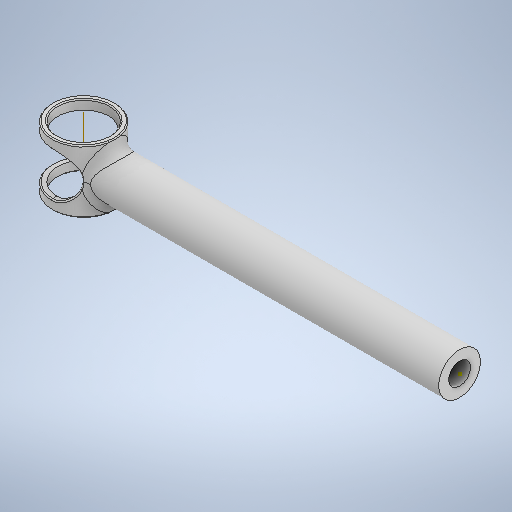
# Autodesk Inventor part: female_leg
Saved by Autodesk Inventor 2025.1 (Build 291241000, 241)
## iProperties
Created: 2024-10-31
Part Number: female_leg
Material: Generisch
Document SubType Name: Modeling
Designer: ZOMBULLI
Density: 1 g/cm^3
Appearance: Vorgabe
Author: ZOMBULLI
Autodesk Inventor part; units mm, degrees
ref_plane "YZ Plane" through (0, 0, 0) normal (1, 0, 0) x (0, 1, 0)
ref_plane "XZ Plane" through (0, 0, 0) normal (0, 1, 0) x (-1, 0, 0)
ref_plane "XY Plane" through (0, 0, 0) normal (0, 0, 1) x (1, 0, 0)
sketch "Skizze1" plane through (0, 0, 0) normal (0, 0, 1) x (1, 0, 0)
  line L0 (-34.5, 4) -> (37.5, 4)
  line L1 (37.5, 4) -> (37.5, 0)
  line L2 (37.5, 0) -> (-34.5, 0)
  line L3 (-34.5, 0) -> (-34.5, 4)
  line L4 (-48.9, 0) -> (51.9, 0) projected
  line L5 (0, 4.8) -> (0, -0.8) projected
  point P0 (0, 0)
  dimension "d0" = 72
  dimension "d1" = 4
  dimension "d2" = 0
  dimension "d3" = 37.5
  constraints: 8 end point, 2 parallel, 1 horizontal, 1 perpendicular
  measures "d0" distance of L0.start L0.end
  measures "d1" distance of L0.end L1.end
  measures "d2" distance between parallel lines of L4 L2
  measures "d3" distance between parallel lines of L1 L5
revolve "Umdrehung1" add sketch "Skizze1" angle 360 about axis through (37.5, 0, 0) along (-1, 0, 0)
sketch "Skizze2" plane through (0, 0, 0) normal (0, 0, 1) x (1, 0, 0)
  line L0 (-34.5, 4) -> (-34.5, -4) projected
  circle A0 centre (-34.5, 0) radius 6
  point P0 (0, 0)
  dimension "d5" = 12
  constraints: 1 centre point, 1 midpoint
  measures "d5" diameter of A0
extrude "Extrusion1" add sketch "Skizze2" along normal mid plane 12
fillet "Rundung1" radius 2 4 edges at (-29.3185, 3.0252, -2.6169) (-29.3186, -3.0255, -2.6166) (-29.3185, -3.0252, 2.6169) (-29.3185, 3.0252, 2.6169)
sketch "Skizze3" plane through (-34.5, 0, 6) normal (0, 0, 1) x (1, 0, 0)
  circle A0 centre (0, 0) radius 5
  point P0 (34.5, 0)
  dimension "d9" = 10
  constraints: 1 centre point
  measures "d9" diameter of A0
extrude "Extrusion2" cut sketch "Skizze3" against normal blind 15
sketch "Skizze4" plane through (0, 0, 0) normal (0, 1, 0) x (-1, 0, 0)
  line L0 (44.65, -4.15) -> (34.65, -4.15)
  line L1 (34.65, 4.15) -> (44.65, 4.15)
  line L2 (44.65, 4.15) -> (44.65, -4.15)
  arc A0 (30.5, 0) -> (34.65, -4.15) centre (34.65, 0) ccw
  arc A1 (34.65, 4.15) -> (30.5, 0) centre (34.65, 0) ccw
  line L3 (-53.715, 0) -> (59.79, 0) projected
  line L4 (30.5, 0) -> (30.5, -4.9478) construction
  line L5 (59.79, 0) -> (-53.715, 0) projected
  line L6 (29.5, 6) -> (39.5, 6) projected
  line L7 (29.5, 6) -> (29.5, -6.3947) construction
  point P0 (0, 0)
  point P1 (30.5, -2.4739)
  point P2 (30.5, 0)
  dimension "d12" = 4.15
  dimension "d13" = 8.3
  dimension "d14" = 4.15
  dimension "d15" = 1
  dimension "d16" = 10
  constraints: 10 end point, 4 point on circle, 3 vertical, 2 centre point, 2 horizontal, 2 parallel, 2 tangent, 1 coincident, 1 concentric, 1 midpoint, 1 perpendicular, 4 other
  measures "d12" radius of A0
  measures "d13" distance between parallel lines of L1 L0
  measures "d14" distance between parallel lines of L3 L0
  measures "d15" distance from line of L7 point (30.5, -2.474)
  measures "d16" distance from line of A0.centre L2
extrude "Extrusion3" cut sketch "Skizze4" along normal mid plane 15
fillet "Rundung2" radius 0.2 10 edges at (-31.6491, 5.2794, -2.8665) (-31.6485, 5.2791, 2.866) (-40.5, 0, 4.15) (-31.6491, -5.2794, -2.8665) (-31.6485, -5.2791, 2.866) (-40.5, 0, -4.15) (-40.5, 0, -6) (-39.5, 0, -6) (-39.5, 0, 6) (-40.5, 0, 6)
sketch "Skizze5" plane through (37.5, 0, 0) normal (1, 0, 0) x (0, 0, -1)
  point P0 (0, 0)
sketch "Skizze6" plane through (37.5, 0, 0) normal (1, 0, 0) x (0, 0, -1)
  circle A0 centre (0, 0) radius 2.1
  point P0 (0, 0)
  dimension "d20" = 4.2
  constraints: 1 centre point, 1 coincident
  measures "d20" diameter of A0
extrude "Extrusion4" cut sketch "Skizze6" against normal blind 4.1

******************************

Task statement: Using the entries above, repeat only the lines from the one containing "line L0 (-34.5, 4) -> (-34.5, -4) projected" through the one containing "arc A0 (30.5, 0)", end lines included.

Task output:
  line L0 (-34.5, 4) -> (-34.5, -4) projected
  circle A0 centre (-34.5, 0) radius 6
  point P0 (0, 0)
  dimension "d5" = 12
  constraints: 1 centre point, 1 midpoint
  measures "d5" diameter of A0
extrude "Extrusion1" add sketch "Skizze2" along normal mid plane 12
fillet "Rundung1" radius 2 4 edges at (-29.3185, 3.0252, -2.6169) (-29.3186, -3.0255, -2.6166) (-29.3185, -3.0252, 2.6169) (-29.3185, 3.0252, 2.6169)
sketch "Skizze3" plane through (-34.5, 0, 6) normal (0, 0, 1) x (1, 0, 0)
  circle A0 centre (0, 0) radius 5
  point P0 (34.5, 0)
  dimension "d9" = 10
  constraints: 1 centre point
  measures "d9" diameter of A0
extrude "Extrusion2" cut sketch "Skizze3" against normal blind 15
sketch "Skizze4" plane through (0, 0, 0) normal (0, 1, 0) x (-1, 0, 0)
  line L0 (44.65, -4.15) -> (34.65, -4.15)
  line L1 (34.65, 4.15) -> (44.65, 4.15)
  line L2 (44.65, 4.15) -> (44.65, -4.15)
  arc A0 (30.5, 0) -> (34.65, -4.15) centre (34.65, 0) ccw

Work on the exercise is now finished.